Every song from their new album has a strange, translunar quality that seems to lift you from earth’s reality for a bit. Take “The tears of the Lyehsis” for example, an instrumental track off of the first disc. It quite clearly takes elements from both funk and jam bands and fuses them together, but it also has a unique otherwordliness that takes it beyond such a simple combination. One could imagine a band of green, tentacled extraterrestials performing this music in an alien bar or space travelers playing it on the speakers of their ship as they float around in zero g.

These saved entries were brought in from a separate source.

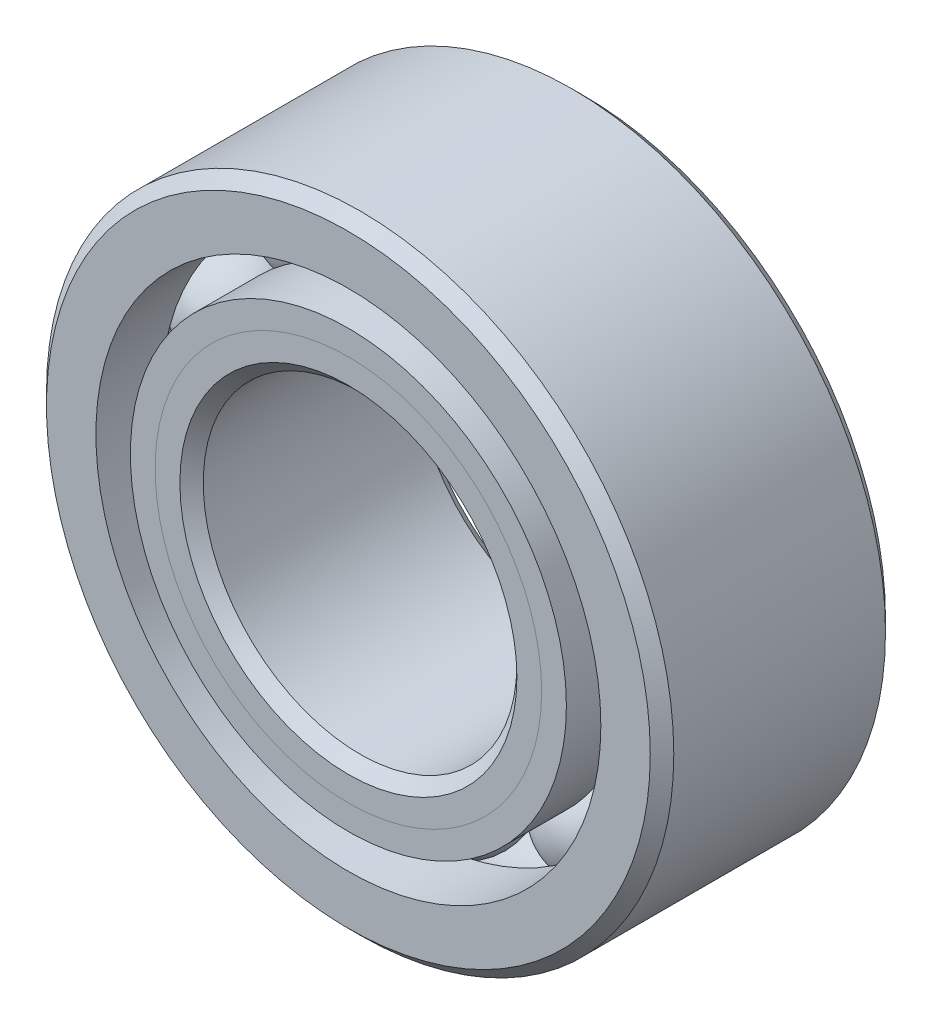
ISO-10303-21;
HEADER;
FILE_DESCRIPTION(('STEP AP214'),'2;1');
FILE_NAME('part.step','',(''),(''),'','','');
FILE_SCHEMA(('AUTOMOTIVE_DESIGN { 1 0 10303 214 1 1 1 1 }'));
ENDSEC;
DATA;
#1=APPLICATION_CONTEXT('core data for automotive mechanical design processes');
#2=APPLICATION_PROTOCOL_DEFINITION('international standard','automotive_design',2000,#1);
#3=PRODUCT_CONTEXT('',#1,'mechanical');
#4=PRODUCT('Part','Part','',(#3));
#5=PRODUCT_RELATED_PRODUCT_CATEGORY('part','',(#4));
#6=PRODUCT_DEFINITION_FORMATION('','',#4);
#7=PRODUCT_DEFINITION_CONTEXT('part definition',#1,'design');
#8=PRODUCT_DEFINITION('design','',#6,#7);
#9=PRODUCT_DEFINITION_SHAPE('','',#8);
#10=(LENGTH_UNIT() NAMED_UNIT(*) SI_UNIT(.MILLI.,.METRE.));
#11=(NAMED_UNIT(*) PLANE_ANGLE_UNIT() SI_UNIT($,.RADIAN.));
#12=(NAMED_UNIT(*) SI_UNIT($,.STERADIAN.) SOLID_ANGLE_UNIT());
#13=UNCERTAINTY_MEASURE_WITH_UNIT(LENGTH_MEASURE(1.E-05),#10,'distance_accuracy_value','');
#14=(GEOMETRIC_REPRESENTATION_CONTEXT(3) GLOBAL_UNCERTAINTY_ASSIGNED_CONTEXT((#13)) GLOBAL_UNIT_ASSIGNED_CONTEXT((#10,
#11,#12)) REPRESENTATION_CONTEXT('',''));
#15=CARTESIAN_POINT('',(0.,0.,0.));
#16=DIRECTION('',(0.,0.,1.));
#17=DIRECTION('',(1.,0.,0.));
#18=AXIS2_PLACEMENT_3D('',#15,#16,#17);
#19=CARTESIAN_POINT('',(-1.39966363202143,1.92647171785536,0.));
#20=DIRECTION('',(0.,0.,1.));
#21=DIRECTION('',(-0.587785252292462,0.809016994374955,0.));
#22=AXIS2_PLACEMENT_3D('',#19,#20,#21);
#23=SPHERICAL_SURFACE('',#22,0.557180720515983);
#24=CARTESIAN_POINT('',(-1.39966363202143,1.92647171785536,0.557180720515982));
#25=VERTEX_POINT('',#24);
#26=VERTEX_LOOP('',#25);
#27=FACE_BOUND('',#26,.T.);
#28=ADVANCED_FACE('F48',(#27),#23,.T.);
#29=CLOSED_SHELL('',(#28));
#30=MANIFOLD_SOLID_BREP('B2',#29);
#31=CARTESIAN_POINT('',(-2.26470332942783,0.735846717855369,0.));
#32=DIRECTION('',(0.,0.,1.));
#33=DIRECTION('',(-0.95105651629515,0.309016994374958,0.));
#34=AXIS2_PLACEMENT_3D('',#31,#32,#33);
#35=SPHERICAL_SURFACE('',#34,0.557180720515983);
#36=CARTESIAN_POINT('',(-2.26470332942783,0.735846717855369,0.557180720515982));
#37=VERTEX_POINT('',#36);
#38=VERTEX_LOOP('',#37);
#39=FACE_BOUND('',#38,.T.);
#40=ADVANCED_FACE('F87',(#39),#35,.T.);
#41=CLOSED_SHELL('',(#40));
#42=MANIFOLD_SOLID_BREP('B6',#41);
#43=CARTESIAN_POINT('',(-2.26470332942784,-0.735846717855322,0.));
#44=DIRECTION('',(0.,0.,1.));
#45=DIRECTION('',(-0.951056516295157,-0.309016994374938,0.));
#46=AXIS2_PLACEMENT_3D('',#43,#44,#45);
#47=SPHERICAL_SURFACE('',#46,0.557180720515983);
#48=CARTESIAN_POINT('',(-2.26470332942784,-0.735846717855322,0.557180720515982));
#49=VERTEX_POINT('',#48);
#50=VERTEX_LOOP('',#49);
#51=FACE_BOUND('',#50,.T.);
#52=ADVANCED_FACE('F126',(#51),#47,.T.);
#53=CLOSED_SHELL('',(#52));
#54=MANIFOLD_SOLID_BREP('B44',#53);
#55=CARTESIAN_POINT('',(-1.39966363202147,-1.92647171785533,0.));
#56=DIRECTION('',(0.,0.,1.));
#57=DIRECTION('',(-0.58778525229248,-0.809016994374942,0.));
#58=AXIS2_PLACEMENT_3D('',#55,#56,#57);
#59=SPHERICAL_SURFACE('',#58,0.557180720515983);
#60=CARTESIAN_POINT('',(-1.39966363202147,-1.92647171785533,0.557180720515982));
#61=VERTEX_POINT('',#60);
#62=VERTEX_LOOP('',#61);
#63=FACE_BOUND('',#62,.T.);
#64=ADVANCED_FACE('F165',(#63),#59,.T.);
#65=CLOSED_SHELL('',(#64));
#66=MANIFOLD_SOLID_BREP('B83',#65);
#67=CARTESIAN_POINT('',(0.,-2.38125,0.));
#68=DIRECTION('',(0.,0.,1.));
#69=DIRECTION('',(0.,-1.,0.));
#70=AXIS2_PLACEMENT_3D('',#67,#68,#69);
#71=SPHERICAL_SURFACE('',#70,0.557180720515983);
#72=CARTESIAN_POINT('',(0.,-2.38125,0.557180720515982));
#73=VERTEX_POINT('',#72);
#74=VERTEX_LOOP('',#73);
#75=FACE_BOUND('',#74,.T.);
#76=ADVANCED_FACE('F206',(#75),#71,.T.);
#77=CLOSED_SHELL('',(#76));
#78=MANIFOLD_SOLID_BREP('B122',#77);
#79=CARTESIAN_POINT('',(1.39966363202144,-1.92647171785535,0.));
#80=DIRECTION('',(0.,0.,1.));
#81=DIRECTION('',(0.587785252292469,-0.809016994374951,0.));
#82=AXIS2_PLACEMENT_3D('',#79,#80,#81);
#83=SPHERICAL_SURFACE('',#82,0.557180720515983);
#84=CARTESIAN_POINT('',(1.39966363202144,-1.92647171785535,0.557180720515982));
#85=VERTEX_POINT('',#84);
#86=VERTEX_LOOP('',#85);
#87=FACE_BOUND('',#86,.T.);
#88=ADVANCED_FACE('F247',(#87),#83,.T.);
#89=CLOSED_SHELL('',(#88));
#90=MANIFOLD_SOLID_BREP('B161',#89);
#91=CARTESIAN_POINT('',(2.26470332942783,-0.735846717855353,0.));
#92=DIRECTION('',(0.,0.,1.));
#93=DIRECTION('',(0.951056516295152,-0.309016994374952,0.));
#94=AXIS2_PLACEMENT_3D('',#91,#92,#93);
#95=SPHERICAL_SURFACE('',#94,0.557180720515983);
#96=CARTESIAN_POINT('',(2.26470332942783,-0.735846717855353,0.557180720515982));
#97=VERTEX_POINT('',#96);
#98=VERTEX_LOOP('',#97);
#99=FACE_BOUND('',#98,.T.);
#100=ADVANCED_FACE('F286',(#99),#95,.T.);
#101=CLOSED_SHELL('',(#100));
#102=MANIFOLD_SOLID_BREP('B202',#101);
#103=CARTESIAN_POINT('',(2.26470332942784,0.735846717855337,0.));
#104=DIRECTION('',(0.,0.,1.));
#105=DIRECTION('',(0.951056516295155,0.309016994374945,0.));
#106=AXIS2_PLACEMENT_3D('',#103,#104,#105);
#107=SPHERICAL_SURFACE('',#106,0.557180720515983);
#108=CARTESIAN_POINT('',(2.26470332942784,0.735846717855337,0.557180720515982));
#109=VERTEX_POINT('',#108);
#110=VERTEX_LOOP('',#109);
#111=FACE_BOUND('',#110,.T.);
#112=ADVANCED_FACE('F325',(#111),#107,.T.);
#113=CLOSED_SHELL('',(#112));
#114=MANIFOLD_SOLID_BREP('B243',#113);
#115=CARTESIAN_POINT('',(1.39966363202145,1.92647171785534,0.));
#116=DIRECTION('',(0.,0.,1.));
#117=DIRECTION('',(0.587785252292474,0.809016994374947,0.));
#118=AXIS2_PLACEMENT_3D('',#115,#116,#117);
#119=SPHERICAL_SURFACE('',#118,0.557180720515983);
#120=CARTESIAN_POINT('',(1.39966363202145,1.92647171785534,0.557180720515982));
#121=VERTEX_POINT('',#120);
#122=VERTEX_LOOP('',#121);
#123=FACE_BOUND('',#122,.T.);
#124=ADVANCED_FACE('F366',(#123),#119,.T.);
#125=CLOSED_SHELL('',(#124));
#126=MANIFOLD_SOLID_BREP('B282',#125);
#127=CARTESIAN_POINT('',(0.,2.38125,0.));
#128=DIRECTION('',(0.,0.,1.));
#129=DIRECTION('',(0.,1.,0.));
#130=AXIS2_PLACEMENT_3D('',#127,#128,#129);
#131=SPHERICAL_SURFACE('',#130,0.557180720515983);
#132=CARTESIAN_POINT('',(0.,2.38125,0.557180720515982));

I remember having similar images come to my head when I talked about The Psychedelic Avengers in an earlier post, but I disagree with some of the things I said after relistening to their old material and hearing some of their new stuff. For example, I said that The Psychedelic Avengers should stick to the instrumental work and leave out the vocals. I think that was mostly a reaction to one of their songs called “The Curse of the Universe” in which the vocals weren’t all that strong. In fact, they sounded silly and out of place. But in “A spy named Vela Brown” the vocal work is very smooth and trippy. It fits well in a psychedelic space opera. It almost has the feel of a James Bond theme song, just with a mellower male vocalist. And the vocals in “They’ve broken through on the 20th Moon of the Kaobigoo, or as Captain Herb P. Croudak lost his mind” are just downright catchy if not weird and spacey.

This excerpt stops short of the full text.